── EXTRACTED ENTRIES

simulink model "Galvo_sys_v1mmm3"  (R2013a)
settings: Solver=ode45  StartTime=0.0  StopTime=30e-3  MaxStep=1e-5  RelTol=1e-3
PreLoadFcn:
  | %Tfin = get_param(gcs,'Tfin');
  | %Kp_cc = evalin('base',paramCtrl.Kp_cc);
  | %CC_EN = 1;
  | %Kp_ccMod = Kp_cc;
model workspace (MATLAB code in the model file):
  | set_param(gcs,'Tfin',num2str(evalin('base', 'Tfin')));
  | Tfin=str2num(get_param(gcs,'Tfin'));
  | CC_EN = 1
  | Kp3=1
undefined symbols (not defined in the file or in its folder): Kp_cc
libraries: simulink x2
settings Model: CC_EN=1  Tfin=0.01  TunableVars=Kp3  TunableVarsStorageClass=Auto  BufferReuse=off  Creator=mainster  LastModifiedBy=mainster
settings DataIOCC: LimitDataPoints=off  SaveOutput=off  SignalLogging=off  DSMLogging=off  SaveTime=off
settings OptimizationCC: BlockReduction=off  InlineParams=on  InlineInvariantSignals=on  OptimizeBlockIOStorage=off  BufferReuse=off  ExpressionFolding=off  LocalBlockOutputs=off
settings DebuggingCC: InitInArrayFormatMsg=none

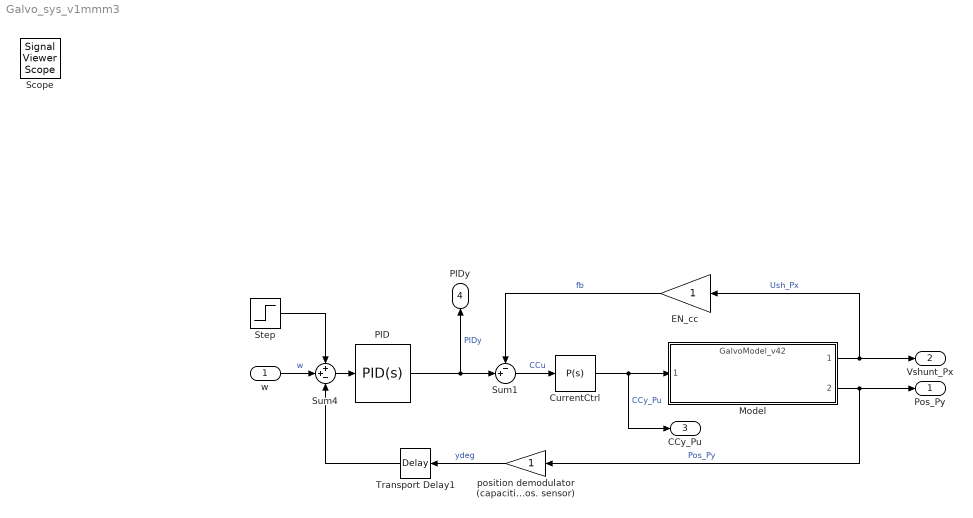
== system Galvo_sys_v1mmm3 ==
  w : Inport
  CurrentCtrl : simulink/Continuous/PID Controller  Controller=P  TimeDomain=Continuous-time  SampleTime=1  IntegratorMethod=Forward Euler  FilterMethod=Forward Euler  Form=Parallel  P=Kp_cc  I=1  D=0  N=100  InitialConditionSource=internal  InitialConditionForIntegrator=0  InitialConditionForFilter=0  ExternalReset=none  LimitOutput=on  UpperSaturationLimit=25  LowerSaturationLimit=-25  LinearizeAsGain=on  AntiWindupMode=none  Kb=1  TrackingMode=off  Kt=1  PParamMin=[]  PParamMax=[]  IParamMin=[]  IParamMax=[]  DParamMin=[]  DParamMax=[]  NParamMin=[]  NParamMax=[]  KbParamMin=[]  KbParamMax=[]  KtParamMin=[]  KtParamMax=[]  POutMin=[]  POutMax=[]  IOutMin=[]  IOutMax=[]  DOutMin=[]  DOutMax=[]  NOutMin=[]  NOutMax=[]  KbOutMin=[]  KbOutMax=[]  KtOutMin=[]  KtOutMax=[]  IntegratorOutMin=[]  IntegratorOutMax=[]  FilterOutMin=[]  FilterOutMax=[]  SumOutMin=[]  SumOutMax=[]  SumI1OutMin=[]  SumI1OutMax=[]  SumI2OutMin=[]  SumI2OutMax=[]  SumI3OutMin=[]  SumI3OutMax=[]  SumDOutMin=[]  SumDOutMax=[]  SaturationOutMin=[]  SaturationOutMax=[]  IntegratorContinuousStateAttributes=''  IntegratorStateMustResolveToSignalObject=off  IntegratorRTWStateStorageClass=Auto  FilterContinuousStateAttributes=''  FilterStateMustResolveToSignalObject=off  FilterRTWStateStorageClass=Auto
      settings: AttributesFormatString=Kp_cc = %<P>\nUccLim = +-%<UpperSaturationLimit>
  EN_cc : Gain
  Model : ModelReference  ModelNameDialog=GalvoModel_v42.slx  SimulationMode=Normal  ModelReferenceVersion=1.13  CopyOfModelName=GalvoModel_v42.slx  DefaultDataLogging=on
      mask Display:
      | str=sprintf('%s',get(gcbh,'ModelName'));
      | port_label('input', 1, 'VCoil','texmode','on')
      | color('blue');
      | port_label('output', 1, 'VShunt','texmode','on')
      | color('black');
      | port_label('output', 2, 'AngPos')
      | %text(.05,.98,['{\fontsize{12}\it\bf' strrep(str,'_',' ') '}'],'horizontalAlignment','left','verticalAlignment','top','texmode','on')
      | text(.015,.98,['{\fontsize{12}\it\bf' strrep(str,'_','\_') '}'],'horizontalAlignment','left','verticalAlignment','top','texmode','on')
  PID : simulink/Continuous/PID Controller  Controller=PID  TimeDomain=Continuous-time  SampleTime=1  IntegratorMethod=Forward Euler  FilterMethod=Forward Euler  Form=Ideal  P=1.14533423709275  I=9.52023676976267  D=0.0126974512595782  N=3428.84832659657  InitialConditionSource=internal  InitialConditionForIntegrator=0  InitialConditionForFilter=0  ExternalReset=none  IgnoreLimit=on  LimitOutput=on  UpperSaturationLimit=2.5  LowerSaturationLimit=-2.5  LinearizeAsGain=on  AntiWindupMode=back-calculation  Kb=6  TrackingMode=off  Kt=0  PParamMin=[]  PParamMax=[]  IParamMin=[]  IParamMax=[]  DParamMin=[]  DParamMax=[]  NParamMin=[]  NParamMax=[]  KbParamMin=[]  KbParamMax=[]  KtParamMin=[]  KtParamMax=[]  POutMin=[]  POutMax=[]  IOutMin=[]  IOutMax=[]  DOutMin=[]  DOutMax=[]  NOutMin=[]  NOutMax=[]  KbOutMin=[]  KbOutMax=[]  KtOutMin=[]  KtOutMax=[]  IntegratorOutMin=[]  IntegratorOutMax=[]  FilterOutMin=[]  FilterOutMax=[]  SumOutMin=[]  SumOutMax=[]  SumI1OutMin=[]  SumI1OutMax=[]  SumI2OutMin=[]  SumI2OutMax=[]  SumI3OutMin=[]  SumI3OutMax=[]  SumDOutMin=[]  SumDOutMax=[]  SaturationOutMin=[]  SaturationOutMax=[]  IntegratorContinuousStateAttributes=''  IntegratorStateMustResolveToSignalObject=off  IntegratorRTWStateStorageClass=Auto  FilterContinuousStateAttributes=''  FilterStateMustResolveToSignalObject=off  FilterRTWStateStorageClass=Auto
      settings: AttributesFormatString=AWM=%<AntiWindupMode>\nD=%<D>\nI=%<I>\nN=%<N>\nP=%<P>\nLimit=+-%<UpperSaturationLimit>
  Step : Step  Time=1e-3  SampleTime=0  ZeroCross=off
      settings: AttributesFormatString=Ampl.: %<After>
  Sum1 : Sum  Inputs=-+|
  Sum4 : Sum  Inputs=++-
  Transport Delay1 : TransportDelay  DelayTime=1e-6
  position demodulator (capacitive angular pos. sensor) : Gain
  Pos_Py : Outport
  Vshunt_Px : Outport  Port=2
  CCy_Pu : Outport  Port=3
  PIDy : Outport  Port=4
  Scope : SignalViewerScope  IOType=viewer  NumInputPorts=4  RefreshTime=0.035000
      settings: ShowLegends=on  TimeRange=0.03  YMin=-0.2~-2~-2~-0.1  YMax=1~3~3~0.15  MaxDataPoints=75000
  wires:
  Sum4/1 -> PID/1
  Step/1 -> Sum4/1
  w/1 -> Sum4/2  "w"
  position demodulator (capacitive angular pos. sensor)/1 -> Transport Delay1/1  "ydeg"
  Model/1 -> Vshunt_Px/1, EN_cc/1  "Ush_Px"
  Sum1/1 -> CurrentCtrl/1  "CCu"
  PID/1 -> Sum1/2, PIDy/1  "PIDy"
  Model/2 -> Pos_Py/1, position demodulator (capacitive angular pos. sensor)/1  "Pos_Py"
  EN_cc/1 -> Sum1/1  "fb"
  Transport Delay1/1 -> Sum4/3
  CurrentCtrl/1 -> Model/1, CCy_Pu/1  "CCy_Pu"

────

■ PROBLEM DESCRIPTION
Read through the entries above and copy each line that has the string "PIDy" in it.

■ EXPECTED ANSWER
  PIDy : Outport  Port=4
  PID/1 -> Sum1/2, PIDy/1  "PIDy"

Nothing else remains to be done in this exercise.